In any case, the larger part of my post intended to suggest (and I believe Alex intended this as well) that even though leakage events occur frequently, it is not clear how much of this leakage is turned into losses like identity fraud, competitive market share, stolen customers, etc*. In addition, it is not even clear whether these leakage events create higher risk for an enterprise that is already sharing information in huge volumes.

* Note that the bulk of losses associated with these events revolve around notification, legal costs, and forensics analysis, and not around the losses mentioned previously.

4 comments for “Gulp! Is that a Naked Emperor I See?

  1. November 13, 2007 at 12:54 pm

    Pete,

    If you don’t subscribe to massive number of breaches, why did GAO report that CERT is hearing about roughly a breach an hour? Is the US government different?

    We move rocks, we see things. We move more rocks, we see more things. You seem to be saying that the next rock is going to be different.

  2. Kevin Rowney
    November 13, 2007 at 8:03 pm

    One of your quotes will amaze nearly anyone who has actually seen the live results of a DLP-style risk assessment:

    “it is not even clear whether these leakage events create higher risk for an enterprise that is already sharing information in huge volumes”

    Yes, there aren’t reliable numbers yet on the conversion rate from exposure events to actual legal/financial harm, but response to the wrap-up results of DLP risk-assessments nearly always lands somewhere between “shock” and “awe”. Anyone in business immediately sees the potential harm that can come from these exposure events and, often enough, activity found by just a two-day risk assessment finds clear evidence of serious harm.

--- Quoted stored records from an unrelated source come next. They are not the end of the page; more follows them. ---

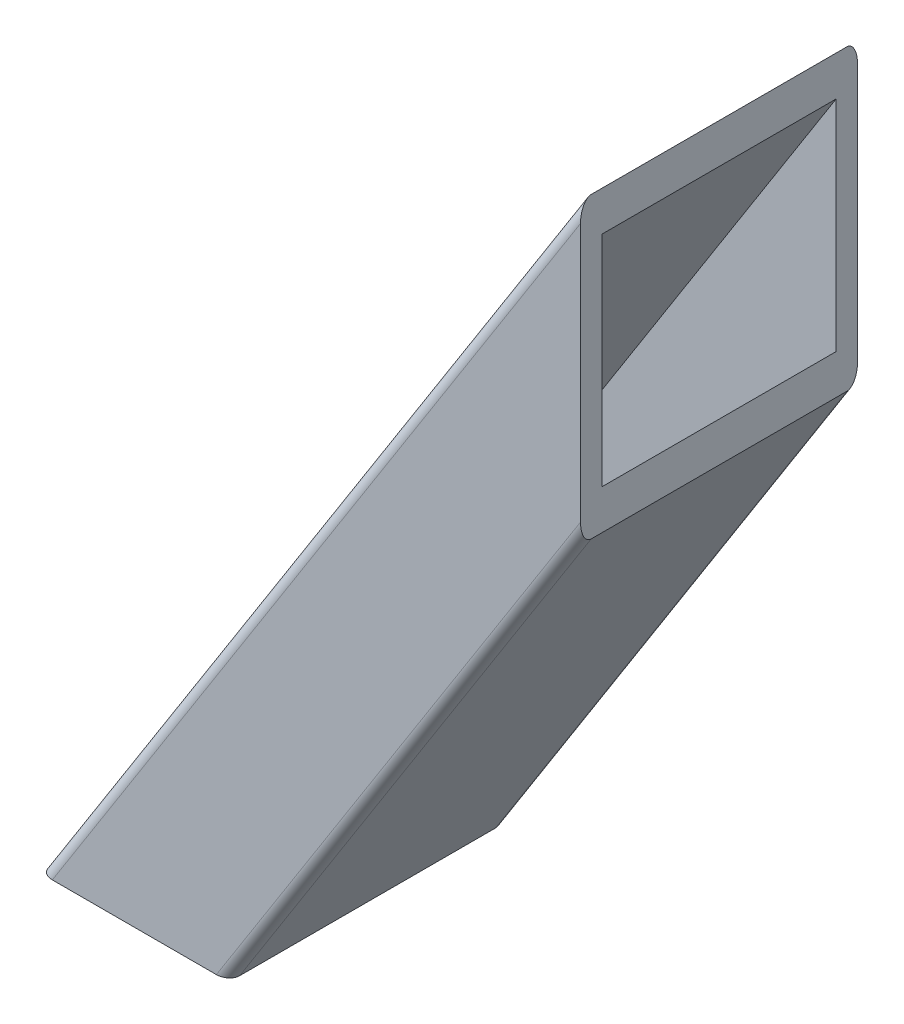
SolidWorks part; units mm, degrees
ref_plane "Front Plane" through (0, 0, 0) normal (0, 0, 1) x (1, 0, 0)
ref_plane "Top Plane" through (0, 0, 0) normal (0, 1, 0) x (1, 0, 0)
ref_plane "Right Plane" through (0, 0, 0) normal (1, 0, 0) x (0, 0, -1)
sketch "Sketch1" plane through (0, 0, 0) normal (0, 0, 1) x (1, 0, 0)
  line L0 (0, 0) -> (-17.7641, 0)
  line L1 (32.9905, 80) -> (32.9905, 52)
  line L2 (0, 0) -> (32.9905, 52)
  line L3 (-17.7641, 0) -> (32.9905, 80)
  line L5 (14.3, 0) -> (-14.3, 0) construction
  dimension "D1" = 80
  dimension "D2" = 15
  dimension "D4" = 28
extrude "Boss-Extrude1" add sketch "Sketch1" along normal blind 26
shell "Shell1" thickness 2
sketch "Sketch2" plane through (0, 2, 0) normal (0, 1, 0) x (1, 0, 0)
  line L0 (-1.0997, -2) -> (-1.0997, -24)
  line L1 (-1.0997, -24) -> (-14.1267, -24)
  line L2 (-14.1267, -24) -> (-14.1267, -2)
  line L3 (-14.1267, -2) -> (-1.0997, -2)
extrude "Cut-Extrude1" cut sketch "Sketch2" against normal up to next
fillet "Fillet1" radius 1 4 edges at (16.4952, 26, 0) (7.6132, 40, 0) (16.4952, 26, 26) (7.6132, 40, 26)
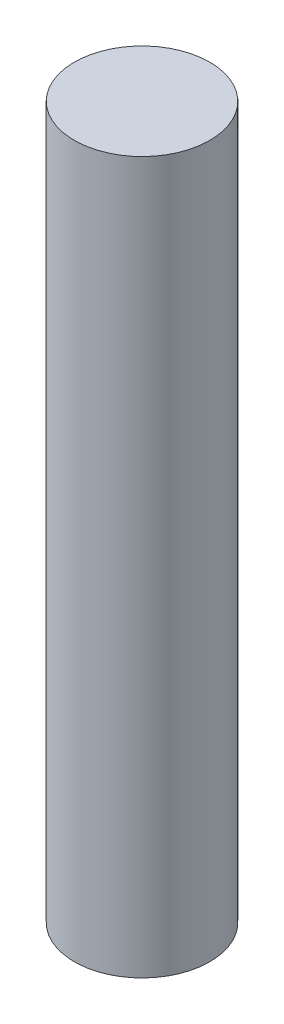
SolidWorks part; units mm, degrees
ref_plane "Front Plane" through (0, 0, 0) normal (0, 0, 1) x (1, 0, 0)
ref_plane "Top Plane" through (0, 0, 0) normal (0, 1, 0) x (1, 0, 0)
ref_plane "Right Plane" through (0, 0, 0) normal (1, 0, 0) x (0, 0, -1)
sketch "Sketch1" plane through (0, 0, 0) normal (0, 1, 0) x (1, 0, 0)
  circle A0 centre (0, 0) radius 1
  dimension "D1" = 2
extrude "Boss-Extrude1" add sketch "Sketch1" along normal blind 10.5
sketch "Sketch2" plane through (0, 10.5, 0) normal (0, 1, 0) x (1, 0, 0)
  circle A0 centre (0, 0) radius 1 construction
  point P0 (-0.2812, 0.9596)

    I agree its important not to try to create a sense of panic out there. Besides, FUD marketing doesn’t work anyway. On the other hand, you are *way* out on a limb if you think the problem that DLP treats is illusory or just vendor marketing spin.

  3. Pete
    November 14, 2007 at 12:15 am

    @Kevin -

    Spoken like a true DLP vendor ;-)

    First, I should say that I happen to be a big fan of DLP solutions, not because, omigosh! the world is coming to an end, but simply because they provide concrete evidence of the nature and type of activities that are ongoing in enterprises today.

    Second, this post was not about the DLP value proposition, it is about evidence-based security, with Alex’s DLP example as an illustration. You not only confirmed my point in this regard, but reinforced it – I am not surprised at all that people react strongly even without evidence of that information being used against them. They reacted strongly with all the IDS alerts to ping sweeps back in 1998, too.

    It is well-documented that people over-react to risk (see Paul Slovic, et. al. and the perception of risk academic work); I am cautioning against that kind of reaction, in any/all cases that come up.

    You’re not really suggesting that because people are “shocked” and “awed” by your reports that it causes or even correlates to losses, are you?

    Heck, Vontu would probably be in the best position to provide such quantitative analysis. Do you have it?